That was the single word that summarized the situation in Tanya’s mind.
Even with it being supersaturated with all the sarcasm she could muster in her being, the description felt woefully inadequate to express what she was feeling right then.
The things she had learnt from Ultaf… the origins of Everfrost within her, and how deep this conspiracy ran, and the people involved in this mess… The more she thought about it, the more she wanted to just drop it all and vanish into some borderland with Lukas. Preferably for months, and then travel to some distant part of the Empire.
The West felt like a good option. Nothing this crazy ever happened in the West.
“FASTER!”
She grimaced as Meynte’s metallic, right fist slugged her and threw her back by a dozen feet. Even with all her power, it still felt like she had just been smashed by a cannonball. The only reason why her punishment wasn’t being pressed was due to Meynte’s inability to rift in her current, metallic form, which made her feel even worse.

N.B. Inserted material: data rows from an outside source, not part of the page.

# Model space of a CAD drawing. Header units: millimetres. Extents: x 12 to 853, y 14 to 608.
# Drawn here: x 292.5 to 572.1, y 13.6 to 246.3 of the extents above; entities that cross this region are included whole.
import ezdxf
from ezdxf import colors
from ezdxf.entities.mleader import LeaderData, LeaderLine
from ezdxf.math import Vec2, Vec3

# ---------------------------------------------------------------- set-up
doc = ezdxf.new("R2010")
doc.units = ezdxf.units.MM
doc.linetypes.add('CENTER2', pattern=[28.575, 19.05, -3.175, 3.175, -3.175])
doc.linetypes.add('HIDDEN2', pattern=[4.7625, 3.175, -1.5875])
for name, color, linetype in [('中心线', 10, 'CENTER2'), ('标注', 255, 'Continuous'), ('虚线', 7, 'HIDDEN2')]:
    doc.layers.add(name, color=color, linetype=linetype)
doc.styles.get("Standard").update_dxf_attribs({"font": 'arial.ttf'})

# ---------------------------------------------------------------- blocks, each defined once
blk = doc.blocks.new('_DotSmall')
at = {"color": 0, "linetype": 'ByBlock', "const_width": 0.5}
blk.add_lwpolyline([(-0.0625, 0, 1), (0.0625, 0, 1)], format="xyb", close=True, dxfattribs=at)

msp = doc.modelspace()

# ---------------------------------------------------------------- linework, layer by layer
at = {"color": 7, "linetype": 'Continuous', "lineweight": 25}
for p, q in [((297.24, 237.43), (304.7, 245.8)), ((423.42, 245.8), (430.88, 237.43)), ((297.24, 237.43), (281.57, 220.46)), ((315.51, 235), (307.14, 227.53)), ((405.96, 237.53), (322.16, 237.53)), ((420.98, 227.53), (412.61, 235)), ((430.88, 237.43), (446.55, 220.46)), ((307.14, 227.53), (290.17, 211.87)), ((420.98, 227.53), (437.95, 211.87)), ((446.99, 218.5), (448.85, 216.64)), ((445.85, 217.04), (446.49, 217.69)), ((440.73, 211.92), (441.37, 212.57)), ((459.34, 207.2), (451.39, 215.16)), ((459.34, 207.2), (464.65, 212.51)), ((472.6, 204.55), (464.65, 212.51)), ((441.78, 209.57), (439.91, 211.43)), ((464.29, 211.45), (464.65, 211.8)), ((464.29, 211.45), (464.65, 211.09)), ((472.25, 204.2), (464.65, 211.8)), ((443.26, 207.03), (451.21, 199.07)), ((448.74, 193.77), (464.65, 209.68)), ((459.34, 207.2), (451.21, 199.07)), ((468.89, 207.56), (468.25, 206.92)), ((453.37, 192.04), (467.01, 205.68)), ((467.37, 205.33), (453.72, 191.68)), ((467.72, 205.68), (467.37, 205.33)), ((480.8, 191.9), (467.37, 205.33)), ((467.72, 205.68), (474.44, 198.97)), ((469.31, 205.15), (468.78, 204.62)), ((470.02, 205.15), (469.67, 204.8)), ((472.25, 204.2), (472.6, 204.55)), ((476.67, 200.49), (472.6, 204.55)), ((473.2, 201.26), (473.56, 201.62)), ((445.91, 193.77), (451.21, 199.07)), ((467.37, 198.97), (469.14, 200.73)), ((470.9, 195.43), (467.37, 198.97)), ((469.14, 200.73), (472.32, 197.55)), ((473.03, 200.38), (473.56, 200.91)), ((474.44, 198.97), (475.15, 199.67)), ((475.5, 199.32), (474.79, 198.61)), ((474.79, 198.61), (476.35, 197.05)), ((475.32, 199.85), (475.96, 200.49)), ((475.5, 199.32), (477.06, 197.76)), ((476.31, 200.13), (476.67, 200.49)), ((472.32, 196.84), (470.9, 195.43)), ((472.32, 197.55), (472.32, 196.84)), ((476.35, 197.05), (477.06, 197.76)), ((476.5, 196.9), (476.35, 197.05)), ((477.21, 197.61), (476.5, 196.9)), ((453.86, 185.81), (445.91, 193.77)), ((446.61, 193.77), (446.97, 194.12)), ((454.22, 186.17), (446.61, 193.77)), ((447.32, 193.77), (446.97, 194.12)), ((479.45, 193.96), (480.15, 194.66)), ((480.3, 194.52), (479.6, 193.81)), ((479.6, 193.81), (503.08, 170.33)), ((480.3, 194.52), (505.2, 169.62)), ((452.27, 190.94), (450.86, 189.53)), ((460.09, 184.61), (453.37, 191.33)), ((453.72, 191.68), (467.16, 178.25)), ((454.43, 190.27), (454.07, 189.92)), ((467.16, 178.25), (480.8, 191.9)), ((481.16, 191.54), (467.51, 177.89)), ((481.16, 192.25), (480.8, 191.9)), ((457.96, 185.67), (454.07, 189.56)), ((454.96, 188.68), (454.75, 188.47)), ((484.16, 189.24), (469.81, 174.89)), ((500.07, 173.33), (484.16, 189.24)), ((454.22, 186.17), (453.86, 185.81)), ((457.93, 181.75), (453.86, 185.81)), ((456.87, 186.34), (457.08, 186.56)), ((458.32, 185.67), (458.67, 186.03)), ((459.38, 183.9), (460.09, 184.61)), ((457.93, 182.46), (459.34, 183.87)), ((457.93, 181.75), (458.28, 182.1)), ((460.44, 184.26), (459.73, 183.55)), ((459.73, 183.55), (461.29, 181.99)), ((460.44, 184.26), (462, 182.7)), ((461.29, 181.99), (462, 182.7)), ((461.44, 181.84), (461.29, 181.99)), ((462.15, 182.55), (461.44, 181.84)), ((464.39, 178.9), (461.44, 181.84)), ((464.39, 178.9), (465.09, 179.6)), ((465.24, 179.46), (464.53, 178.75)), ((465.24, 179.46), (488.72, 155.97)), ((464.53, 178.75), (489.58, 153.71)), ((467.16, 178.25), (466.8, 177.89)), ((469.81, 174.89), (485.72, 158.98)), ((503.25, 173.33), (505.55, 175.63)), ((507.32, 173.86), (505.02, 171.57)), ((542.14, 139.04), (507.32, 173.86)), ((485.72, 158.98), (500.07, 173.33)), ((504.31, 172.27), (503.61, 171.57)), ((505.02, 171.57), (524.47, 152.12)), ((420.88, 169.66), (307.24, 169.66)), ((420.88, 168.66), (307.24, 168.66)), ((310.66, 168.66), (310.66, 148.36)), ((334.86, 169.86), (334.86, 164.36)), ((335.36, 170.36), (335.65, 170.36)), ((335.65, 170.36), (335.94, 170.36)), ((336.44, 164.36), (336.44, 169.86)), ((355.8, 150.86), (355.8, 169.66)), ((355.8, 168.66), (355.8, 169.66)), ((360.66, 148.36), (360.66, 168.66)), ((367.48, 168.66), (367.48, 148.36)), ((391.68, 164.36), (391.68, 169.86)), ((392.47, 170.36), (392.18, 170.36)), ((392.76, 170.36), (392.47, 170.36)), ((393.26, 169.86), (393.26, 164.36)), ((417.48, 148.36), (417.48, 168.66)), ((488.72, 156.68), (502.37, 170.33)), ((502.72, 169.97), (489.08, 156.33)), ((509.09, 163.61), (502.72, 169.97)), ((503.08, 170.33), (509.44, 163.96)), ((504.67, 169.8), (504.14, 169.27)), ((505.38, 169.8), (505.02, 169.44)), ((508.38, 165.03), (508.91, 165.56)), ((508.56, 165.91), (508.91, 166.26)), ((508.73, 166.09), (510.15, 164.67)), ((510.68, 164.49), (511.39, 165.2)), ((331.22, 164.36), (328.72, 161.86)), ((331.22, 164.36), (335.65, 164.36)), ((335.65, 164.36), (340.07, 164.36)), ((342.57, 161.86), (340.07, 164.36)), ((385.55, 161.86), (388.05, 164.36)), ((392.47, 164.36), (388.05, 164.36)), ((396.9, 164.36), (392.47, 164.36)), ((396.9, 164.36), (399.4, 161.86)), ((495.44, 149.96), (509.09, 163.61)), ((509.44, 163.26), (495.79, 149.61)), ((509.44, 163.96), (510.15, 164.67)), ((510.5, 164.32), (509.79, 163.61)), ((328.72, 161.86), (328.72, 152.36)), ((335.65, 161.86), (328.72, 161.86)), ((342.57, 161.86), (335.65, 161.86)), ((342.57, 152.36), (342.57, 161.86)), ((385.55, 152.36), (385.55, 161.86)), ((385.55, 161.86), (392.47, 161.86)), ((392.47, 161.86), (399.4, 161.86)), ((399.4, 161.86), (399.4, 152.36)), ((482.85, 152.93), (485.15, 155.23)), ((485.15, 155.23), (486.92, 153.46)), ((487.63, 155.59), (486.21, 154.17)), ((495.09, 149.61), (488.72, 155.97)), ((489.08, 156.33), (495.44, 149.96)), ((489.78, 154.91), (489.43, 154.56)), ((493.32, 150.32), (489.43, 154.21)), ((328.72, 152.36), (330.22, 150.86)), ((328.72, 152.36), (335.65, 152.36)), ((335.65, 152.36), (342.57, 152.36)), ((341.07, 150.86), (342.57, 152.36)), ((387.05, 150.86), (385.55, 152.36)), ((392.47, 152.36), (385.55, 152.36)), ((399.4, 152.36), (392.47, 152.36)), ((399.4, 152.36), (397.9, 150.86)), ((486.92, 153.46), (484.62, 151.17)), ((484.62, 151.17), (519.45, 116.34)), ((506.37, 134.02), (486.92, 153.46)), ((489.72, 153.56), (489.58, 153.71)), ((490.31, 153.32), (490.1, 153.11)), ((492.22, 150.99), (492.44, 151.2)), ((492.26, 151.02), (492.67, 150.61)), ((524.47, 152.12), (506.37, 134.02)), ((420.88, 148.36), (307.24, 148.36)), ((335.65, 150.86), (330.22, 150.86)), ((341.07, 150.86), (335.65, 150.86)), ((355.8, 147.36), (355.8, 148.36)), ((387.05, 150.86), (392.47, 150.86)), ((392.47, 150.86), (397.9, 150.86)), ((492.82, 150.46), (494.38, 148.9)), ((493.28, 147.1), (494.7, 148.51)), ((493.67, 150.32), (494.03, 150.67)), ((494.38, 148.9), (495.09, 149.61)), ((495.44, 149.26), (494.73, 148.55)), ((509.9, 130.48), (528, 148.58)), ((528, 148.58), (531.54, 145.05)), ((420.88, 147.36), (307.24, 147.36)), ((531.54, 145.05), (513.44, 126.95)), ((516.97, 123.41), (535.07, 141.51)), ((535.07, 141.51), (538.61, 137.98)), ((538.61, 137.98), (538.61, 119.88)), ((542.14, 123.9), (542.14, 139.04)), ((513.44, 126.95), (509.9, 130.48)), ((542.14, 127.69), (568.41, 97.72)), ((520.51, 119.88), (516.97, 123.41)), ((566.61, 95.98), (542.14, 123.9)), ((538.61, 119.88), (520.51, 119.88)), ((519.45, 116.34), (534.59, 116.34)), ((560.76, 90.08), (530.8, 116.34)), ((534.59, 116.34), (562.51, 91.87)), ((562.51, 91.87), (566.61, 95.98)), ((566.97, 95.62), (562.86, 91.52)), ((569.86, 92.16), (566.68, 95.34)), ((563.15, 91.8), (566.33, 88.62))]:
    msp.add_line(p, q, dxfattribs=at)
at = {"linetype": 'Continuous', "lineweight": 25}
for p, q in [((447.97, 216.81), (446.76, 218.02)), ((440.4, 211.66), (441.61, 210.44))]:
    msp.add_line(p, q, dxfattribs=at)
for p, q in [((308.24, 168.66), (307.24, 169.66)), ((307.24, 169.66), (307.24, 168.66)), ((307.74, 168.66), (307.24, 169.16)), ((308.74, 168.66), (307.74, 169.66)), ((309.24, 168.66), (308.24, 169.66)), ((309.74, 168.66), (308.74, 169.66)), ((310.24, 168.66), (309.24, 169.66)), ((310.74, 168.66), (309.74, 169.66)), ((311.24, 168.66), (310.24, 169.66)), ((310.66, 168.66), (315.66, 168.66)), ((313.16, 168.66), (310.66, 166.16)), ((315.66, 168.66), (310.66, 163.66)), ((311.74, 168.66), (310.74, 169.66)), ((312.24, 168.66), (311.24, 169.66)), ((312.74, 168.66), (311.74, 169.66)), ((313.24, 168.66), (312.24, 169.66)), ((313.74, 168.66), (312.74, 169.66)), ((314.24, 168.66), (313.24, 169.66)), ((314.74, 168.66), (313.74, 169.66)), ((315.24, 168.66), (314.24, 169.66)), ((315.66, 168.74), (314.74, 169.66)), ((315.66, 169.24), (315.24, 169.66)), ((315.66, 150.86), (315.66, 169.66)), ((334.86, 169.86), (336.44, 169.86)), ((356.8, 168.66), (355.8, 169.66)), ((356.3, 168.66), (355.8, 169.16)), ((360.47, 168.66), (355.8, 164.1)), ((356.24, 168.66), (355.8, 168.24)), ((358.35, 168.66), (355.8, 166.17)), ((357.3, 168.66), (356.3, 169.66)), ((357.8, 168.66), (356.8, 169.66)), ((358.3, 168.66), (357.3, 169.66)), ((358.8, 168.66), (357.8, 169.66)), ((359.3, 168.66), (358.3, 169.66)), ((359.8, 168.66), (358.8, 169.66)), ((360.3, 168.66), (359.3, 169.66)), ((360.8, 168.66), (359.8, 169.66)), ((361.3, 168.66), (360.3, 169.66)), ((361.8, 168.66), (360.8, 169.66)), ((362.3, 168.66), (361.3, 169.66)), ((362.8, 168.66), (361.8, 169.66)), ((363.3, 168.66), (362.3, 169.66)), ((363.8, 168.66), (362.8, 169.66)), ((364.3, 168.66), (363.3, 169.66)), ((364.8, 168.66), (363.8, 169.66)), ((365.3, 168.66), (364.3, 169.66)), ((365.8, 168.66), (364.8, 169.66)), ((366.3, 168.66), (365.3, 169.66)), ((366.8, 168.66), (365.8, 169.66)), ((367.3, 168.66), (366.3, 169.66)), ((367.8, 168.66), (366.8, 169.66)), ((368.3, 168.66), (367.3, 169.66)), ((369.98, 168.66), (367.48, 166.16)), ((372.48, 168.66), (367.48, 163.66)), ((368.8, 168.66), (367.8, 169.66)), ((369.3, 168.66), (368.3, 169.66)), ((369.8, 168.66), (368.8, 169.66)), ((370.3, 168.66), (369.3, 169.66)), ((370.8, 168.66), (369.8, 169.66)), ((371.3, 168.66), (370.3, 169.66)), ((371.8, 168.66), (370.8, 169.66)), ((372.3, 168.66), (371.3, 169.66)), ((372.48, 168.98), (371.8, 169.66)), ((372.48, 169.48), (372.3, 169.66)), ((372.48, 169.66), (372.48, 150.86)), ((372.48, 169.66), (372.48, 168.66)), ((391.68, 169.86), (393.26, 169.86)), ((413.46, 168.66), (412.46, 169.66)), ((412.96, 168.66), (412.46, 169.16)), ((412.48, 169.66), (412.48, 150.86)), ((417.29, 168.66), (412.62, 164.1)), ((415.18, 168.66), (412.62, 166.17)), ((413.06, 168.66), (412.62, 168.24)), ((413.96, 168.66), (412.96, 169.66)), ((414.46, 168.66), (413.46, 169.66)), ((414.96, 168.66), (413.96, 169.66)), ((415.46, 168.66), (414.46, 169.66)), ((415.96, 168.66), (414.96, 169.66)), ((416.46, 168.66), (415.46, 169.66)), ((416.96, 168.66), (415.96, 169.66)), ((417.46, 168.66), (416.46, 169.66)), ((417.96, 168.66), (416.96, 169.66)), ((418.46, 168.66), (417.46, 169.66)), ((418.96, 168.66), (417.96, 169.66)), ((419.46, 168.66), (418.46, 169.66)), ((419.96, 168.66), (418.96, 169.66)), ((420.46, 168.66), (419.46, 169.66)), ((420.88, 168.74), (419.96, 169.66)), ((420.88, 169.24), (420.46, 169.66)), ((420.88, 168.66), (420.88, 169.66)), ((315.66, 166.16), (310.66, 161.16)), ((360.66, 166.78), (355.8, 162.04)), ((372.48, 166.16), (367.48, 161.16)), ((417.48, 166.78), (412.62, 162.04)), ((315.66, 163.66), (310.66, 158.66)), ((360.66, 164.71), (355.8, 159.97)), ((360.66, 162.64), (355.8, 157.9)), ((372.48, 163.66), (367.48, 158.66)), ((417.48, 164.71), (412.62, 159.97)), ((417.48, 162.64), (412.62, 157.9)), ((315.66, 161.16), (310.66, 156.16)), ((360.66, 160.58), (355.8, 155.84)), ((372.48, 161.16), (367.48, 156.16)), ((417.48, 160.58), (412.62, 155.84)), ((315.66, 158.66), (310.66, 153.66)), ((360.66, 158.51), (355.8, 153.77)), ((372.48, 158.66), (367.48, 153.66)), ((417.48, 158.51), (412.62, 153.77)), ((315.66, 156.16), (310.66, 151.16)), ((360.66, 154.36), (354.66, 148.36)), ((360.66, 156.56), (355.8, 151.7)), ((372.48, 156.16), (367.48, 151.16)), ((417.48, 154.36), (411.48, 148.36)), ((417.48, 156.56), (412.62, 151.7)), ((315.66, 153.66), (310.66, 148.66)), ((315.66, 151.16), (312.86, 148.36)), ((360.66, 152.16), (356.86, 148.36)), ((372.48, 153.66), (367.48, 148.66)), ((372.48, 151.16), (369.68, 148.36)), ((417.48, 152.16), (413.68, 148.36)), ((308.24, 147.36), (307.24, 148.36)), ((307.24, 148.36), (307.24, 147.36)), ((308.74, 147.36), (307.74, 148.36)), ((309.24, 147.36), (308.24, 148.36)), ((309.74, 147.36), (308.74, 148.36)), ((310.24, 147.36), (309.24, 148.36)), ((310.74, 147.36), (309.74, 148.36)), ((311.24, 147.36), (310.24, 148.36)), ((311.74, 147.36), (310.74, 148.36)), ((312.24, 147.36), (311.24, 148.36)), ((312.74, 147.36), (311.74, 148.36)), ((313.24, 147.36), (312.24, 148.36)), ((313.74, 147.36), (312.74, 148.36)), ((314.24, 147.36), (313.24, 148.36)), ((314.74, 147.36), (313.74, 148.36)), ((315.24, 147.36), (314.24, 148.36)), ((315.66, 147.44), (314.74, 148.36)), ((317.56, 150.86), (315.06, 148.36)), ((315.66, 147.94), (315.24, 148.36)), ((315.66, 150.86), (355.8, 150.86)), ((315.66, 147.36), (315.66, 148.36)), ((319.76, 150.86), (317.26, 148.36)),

After finding out everything she could from Ultaf about the conspiracy between Mujin and the Earth King, though the details were still beyond her, it had taken her everything not to kill Ultaf on the spot. Lukas would have been pissed if she did that, and while she was still getting used to his strategic planning, the truth was that all of these games played between the uber-powered players all around her were getting to her.
She was tired.
Mujin. Solana. The Empress’s shard. The entire Shimizu name and future. Lukas’s deal with Lord Naowa and most recently, the Fire King. And now the Earth King’s involvement. This entire debacle had exhausted her in so many fucking ways that she didn’t even imagine was possible. She had thought she had been prepared for this, especially after the Level-Ups she had gotten in the borderland. Hah! She was an idiot for even assuming something so trite. She, who had spent all these years growing on the run, had been caught unaware and Lukas, who hadn’t even known what lifeforce and mana were until barely a year ago, was dealing with the entire world, while keeping her safe.
She instinctively knew that Lukas was hiding things from her. Meynte’s own presence was proof enough. Seeing Lukas withstand the Fire King’s power had been an eye-opening event for her. Yes, he came clean with a lot, and in the grand scheme of things, it did make sense even if it was unappealing. He was in a shitty position, and while she was grateful for it, she honestly didn’t know if she could handle much more.
She wanted to punch something in the face.
She wanted to scream till her throat was bleeding.
She wanted him in her hands, talking to her in person, telling her that she didn’t need to deal with this political backstabbing and this ever-escalating mess. That he was going to take her away with him.
But he wasn’t here. So she had to make due with taking it out on the metallic avatar of the Empress that had once drowned her in her deepest nightmares and was only instructing her because Lukas was, in a manner, her Lord and Master.
If only the bitch would just stop beating the crap out of her already.
“Get up,” exclaimed Meynte. “Cease this weakling behavior. I’m not done with you yet.”
“I’m bleeding,” Tanya protested, glancing at the blood that stained her legs and her abdomen. The punch that she had just received had to have broken multiple ribs, which only intensified the pain.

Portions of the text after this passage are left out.